Why would you put your money in the bank in an account that will pay you 2 to 3% when you can buy the stock in that bank and earn anywheres from 5 - 7% yield on their dividend. Any of Canada’s major banks offer very decent dividend payments. Canadian chartered banks are as stable as it can get. If they go broke this country is in a whole lot of hurt and the only place there is to have money safer than them is maybe Gold.
Yes but if you look at returns from those stocks, most have lost value over the last several years, more than what you would get for the div payments. Altho now would be a decent time to buy them after the massive drop they've had.
 
Yes but if you look at returns from those stocks, most have lost value over the last several years, more than what you would get for the div payments. Altho now would be a decent time to buy them after the massive drop they've had.

Actually no. You look at the 5 years even 10 year average on the majors and they are pretty sold other than the last month but that’s just the game. You have to be able to ride this out.
 
We’re talking Canadian banks that have an oligopoly. Some Americans banks crashed after the 2008 collapsed and never recovered.
 
Why would you put your money in the bank in an account that will pay you 2 to 3% when you can buy the stock in that bank and earn anywheres from 5 - 7% yield on their dividend. Any of Canada’s major banks offer very decent dividend payments. Canadian chartered banks are as stable as it can get. If they go broke this country is in a whole lot of hurt and the only place there is to have money safer than them is maybe Gold.

I pulled my money after the first drop and am waiting to buy back in. I know you cant time the market, but I dont think its done falling yet. I dont feel the need to pick the exact bottom, but at this point I think I am about a month away from re entery. Money might as well do something in the mean time.
 
Tomorrow is shaping up lumpy yet again. All this liquidity being pumped into the markets in NA and Europe, it's going to be interesting to see where the bottom is at. I bet there are stats that show a pattern of how much further markets sell off after these sort of injections. It's going to take some time for the ripple effect to diminish .
 
We haven’t felt the effects of the virus yet. Things are just getting started. We won’t know impacts to the markets for weeks/months. It’s all so unpredictable right now. Markets want metrics, policies and strong Leaders. We have some new policies, but, lack the other 2. Fear of the unknown. Things will get worse before they get better. Just my sense. We’ll come back though.
 
Waiting for a follow through day but that's not today or tomorrow, either.
 
Why would you put your money in the bank in an account that will pay you 2 to 3% when you can buy the stock in that bank and earn anywheres from 5 - 7% yield on their dividend. ...
Putting money in the bank has no likely downside. The bank stocks still do.
I'll be interested to see the April reports from the big banks: the impact of projected loan defaults on earnings and the possibility of cuts to dividends. We are also entering a global recession.
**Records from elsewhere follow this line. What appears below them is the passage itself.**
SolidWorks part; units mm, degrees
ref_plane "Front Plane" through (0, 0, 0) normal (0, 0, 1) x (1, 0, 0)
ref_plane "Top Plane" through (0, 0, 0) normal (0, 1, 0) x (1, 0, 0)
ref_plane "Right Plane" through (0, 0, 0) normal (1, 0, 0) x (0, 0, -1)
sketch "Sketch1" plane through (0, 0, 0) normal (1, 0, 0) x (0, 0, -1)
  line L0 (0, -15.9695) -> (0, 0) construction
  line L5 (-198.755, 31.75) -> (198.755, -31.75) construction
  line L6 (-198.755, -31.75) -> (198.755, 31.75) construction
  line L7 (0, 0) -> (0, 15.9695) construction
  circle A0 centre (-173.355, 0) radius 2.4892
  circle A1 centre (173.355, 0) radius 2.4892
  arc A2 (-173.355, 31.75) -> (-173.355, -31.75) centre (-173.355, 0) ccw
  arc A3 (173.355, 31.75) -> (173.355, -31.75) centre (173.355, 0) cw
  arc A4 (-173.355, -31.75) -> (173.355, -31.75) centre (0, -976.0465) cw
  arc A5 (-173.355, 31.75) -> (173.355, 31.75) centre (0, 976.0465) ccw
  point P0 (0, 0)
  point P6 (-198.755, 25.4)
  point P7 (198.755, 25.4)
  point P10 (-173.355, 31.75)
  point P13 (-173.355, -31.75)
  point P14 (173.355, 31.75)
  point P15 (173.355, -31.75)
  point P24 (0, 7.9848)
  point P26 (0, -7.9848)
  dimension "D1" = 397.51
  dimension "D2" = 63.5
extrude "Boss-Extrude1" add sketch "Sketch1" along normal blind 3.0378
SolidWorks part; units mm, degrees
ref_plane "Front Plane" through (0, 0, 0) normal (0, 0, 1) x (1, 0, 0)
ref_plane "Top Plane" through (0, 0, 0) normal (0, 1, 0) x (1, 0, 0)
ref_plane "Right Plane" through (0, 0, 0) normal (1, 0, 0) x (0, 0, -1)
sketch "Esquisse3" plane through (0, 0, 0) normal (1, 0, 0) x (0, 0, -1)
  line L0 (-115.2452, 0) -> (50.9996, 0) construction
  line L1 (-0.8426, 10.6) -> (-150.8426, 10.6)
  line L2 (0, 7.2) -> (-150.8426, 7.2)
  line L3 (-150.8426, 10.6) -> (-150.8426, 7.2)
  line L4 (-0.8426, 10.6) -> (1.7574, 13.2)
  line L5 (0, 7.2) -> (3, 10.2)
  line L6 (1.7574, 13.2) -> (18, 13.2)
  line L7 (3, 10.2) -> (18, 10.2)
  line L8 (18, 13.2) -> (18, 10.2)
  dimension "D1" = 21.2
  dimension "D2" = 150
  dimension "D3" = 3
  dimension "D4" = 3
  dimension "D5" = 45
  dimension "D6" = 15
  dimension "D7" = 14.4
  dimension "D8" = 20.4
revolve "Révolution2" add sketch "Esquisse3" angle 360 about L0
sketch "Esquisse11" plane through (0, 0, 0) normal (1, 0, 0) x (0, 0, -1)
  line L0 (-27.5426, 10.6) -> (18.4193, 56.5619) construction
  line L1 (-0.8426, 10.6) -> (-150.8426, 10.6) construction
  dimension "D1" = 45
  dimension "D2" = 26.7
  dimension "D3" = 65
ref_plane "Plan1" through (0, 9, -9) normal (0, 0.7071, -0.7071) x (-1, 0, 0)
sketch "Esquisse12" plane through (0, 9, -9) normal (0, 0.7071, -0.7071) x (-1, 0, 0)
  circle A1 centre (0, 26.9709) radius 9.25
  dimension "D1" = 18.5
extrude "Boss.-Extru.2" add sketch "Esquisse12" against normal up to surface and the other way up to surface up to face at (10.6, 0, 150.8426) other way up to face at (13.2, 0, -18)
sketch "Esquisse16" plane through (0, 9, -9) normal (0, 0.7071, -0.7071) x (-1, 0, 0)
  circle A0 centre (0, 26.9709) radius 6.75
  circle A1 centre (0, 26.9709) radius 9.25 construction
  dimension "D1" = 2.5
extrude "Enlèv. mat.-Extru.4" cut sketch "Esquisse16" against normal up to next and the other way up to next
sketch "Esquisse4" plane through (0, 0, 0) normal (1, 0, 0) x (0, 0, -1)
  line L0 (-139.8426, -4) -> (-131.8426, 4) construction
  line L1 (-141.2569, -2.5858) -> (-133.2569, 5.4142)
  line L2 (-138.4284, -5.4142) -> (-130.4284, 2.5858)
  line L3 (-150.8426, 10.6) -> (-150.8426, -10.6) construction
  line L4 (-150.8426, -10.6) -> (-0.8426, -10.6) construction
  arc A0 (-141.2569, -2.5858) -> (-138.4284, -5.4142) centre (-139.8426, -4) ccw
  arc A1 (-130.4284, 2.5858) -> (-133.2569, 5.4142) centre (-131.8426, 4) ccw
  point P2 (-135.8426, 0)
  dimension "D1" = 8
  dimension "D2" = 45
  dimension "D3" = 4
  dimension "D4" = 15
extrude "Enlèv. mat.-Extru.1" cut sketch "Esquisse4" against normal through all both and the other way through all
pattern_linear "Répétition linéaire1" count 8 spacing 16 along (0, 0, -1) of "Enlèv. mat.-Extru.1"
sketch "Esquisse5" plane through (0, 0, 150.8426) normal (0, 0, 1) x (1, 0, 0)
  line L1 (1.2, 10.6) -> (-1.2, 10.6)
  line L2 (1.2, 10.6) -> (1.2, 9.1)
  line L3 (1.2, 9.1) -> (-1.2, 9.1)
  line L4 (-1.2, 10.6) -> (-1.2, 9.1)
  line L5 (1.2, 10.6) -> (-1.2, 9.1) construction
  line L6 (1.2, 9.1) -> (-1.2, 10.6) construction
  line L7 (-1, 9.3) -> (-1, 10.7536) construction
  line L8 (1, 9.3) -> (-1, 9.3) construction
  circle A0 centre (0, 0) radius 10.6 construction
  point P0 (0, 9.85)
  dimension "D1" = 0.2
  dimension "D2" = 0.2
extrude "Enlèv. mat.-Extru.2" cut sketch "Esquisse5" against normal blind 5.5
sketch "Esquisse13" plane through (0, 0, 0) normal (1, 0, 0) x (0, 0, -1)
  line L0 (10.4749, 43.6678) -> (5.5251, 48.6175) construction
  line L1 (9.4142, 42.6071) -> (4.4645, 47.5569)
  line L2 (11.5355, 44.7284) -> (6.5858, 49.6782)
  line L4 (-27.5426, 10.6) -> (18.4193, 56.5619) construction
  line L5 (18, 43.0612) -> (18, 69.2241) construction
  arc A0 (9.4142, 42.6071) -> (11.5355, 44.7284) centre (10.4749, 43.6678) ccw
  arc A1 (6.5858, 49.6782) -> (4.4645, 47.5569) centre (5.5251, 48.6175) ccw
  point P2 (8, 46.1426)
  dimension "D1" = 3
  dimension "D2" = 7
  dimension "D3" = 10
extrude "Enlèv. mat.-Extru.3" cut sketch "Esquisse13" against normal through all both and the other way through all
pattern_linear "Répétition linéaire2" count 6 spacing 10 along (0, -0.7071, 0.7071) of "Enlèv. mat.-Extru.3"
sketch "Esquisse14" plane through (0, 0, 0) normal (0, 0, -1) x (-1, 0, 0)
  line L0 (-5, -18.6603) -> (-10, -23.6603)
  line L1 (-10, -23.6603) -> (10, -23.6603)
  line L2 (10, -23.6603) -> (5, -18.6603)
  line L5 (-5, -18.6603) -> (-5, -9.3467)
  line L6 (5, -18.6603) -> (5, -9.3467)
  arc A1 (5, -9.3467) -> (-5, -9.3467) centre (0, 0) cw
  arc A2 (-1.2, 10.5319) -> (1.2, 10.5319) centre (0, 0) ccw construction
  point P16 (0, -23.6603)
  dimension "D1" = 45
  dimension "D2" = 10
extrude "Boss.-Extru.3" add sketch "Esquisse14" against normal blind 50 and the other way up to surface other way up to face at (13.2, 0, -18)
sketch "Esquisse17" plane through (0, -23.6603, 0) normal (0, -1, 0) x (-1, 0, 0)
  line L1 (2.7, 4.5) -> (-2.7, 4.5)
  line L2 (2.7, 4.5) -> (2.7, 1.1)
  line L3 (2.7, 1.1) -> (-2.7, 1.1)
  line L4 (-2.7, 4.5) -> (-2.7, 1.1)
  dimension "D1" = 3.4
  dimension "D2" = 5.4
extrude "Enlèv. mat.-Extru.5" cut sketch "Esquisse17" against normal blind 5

Another hit to earnings may come from exposure to the oil patch.

Canadian banks are solid but not a place for new money just yet.
 
I pulled my money after the first drop and am waiting to buy back in. I know you cant time the market, but I dont think its done falling yet. I dont feel the need to pick the exact bottom, but at this point I think I am about a month away from re entery. Money might as well do something in the mean time.

Smart move Fish Brain.

Because of my age and health issues I reviewed the market a couple of years back and concluded that with the Bull market we have been in for so long, even with the smaller corrections we had over the previous 20 years, that a major correction was coming and the eventual recovery could also possibly take years. Its one thing to be young and investing where you will make good return rates over the long term and will have the time to recover from smaller corrections and major events like this one. With that in mind I went 100% risk adverse over a period of 6 month and by a year and a half ago was completely out of the market. Put everything into max. safety, deposit insured terms and accounts. Spent the time searching for good deals and put a lot of money in opportunities like the the 33 month term at 4% per, that Coast Capital was offering when they were raising money and memberships to become the first Credit union to move from provincial to a federal charter/equivalent or what ever it was called .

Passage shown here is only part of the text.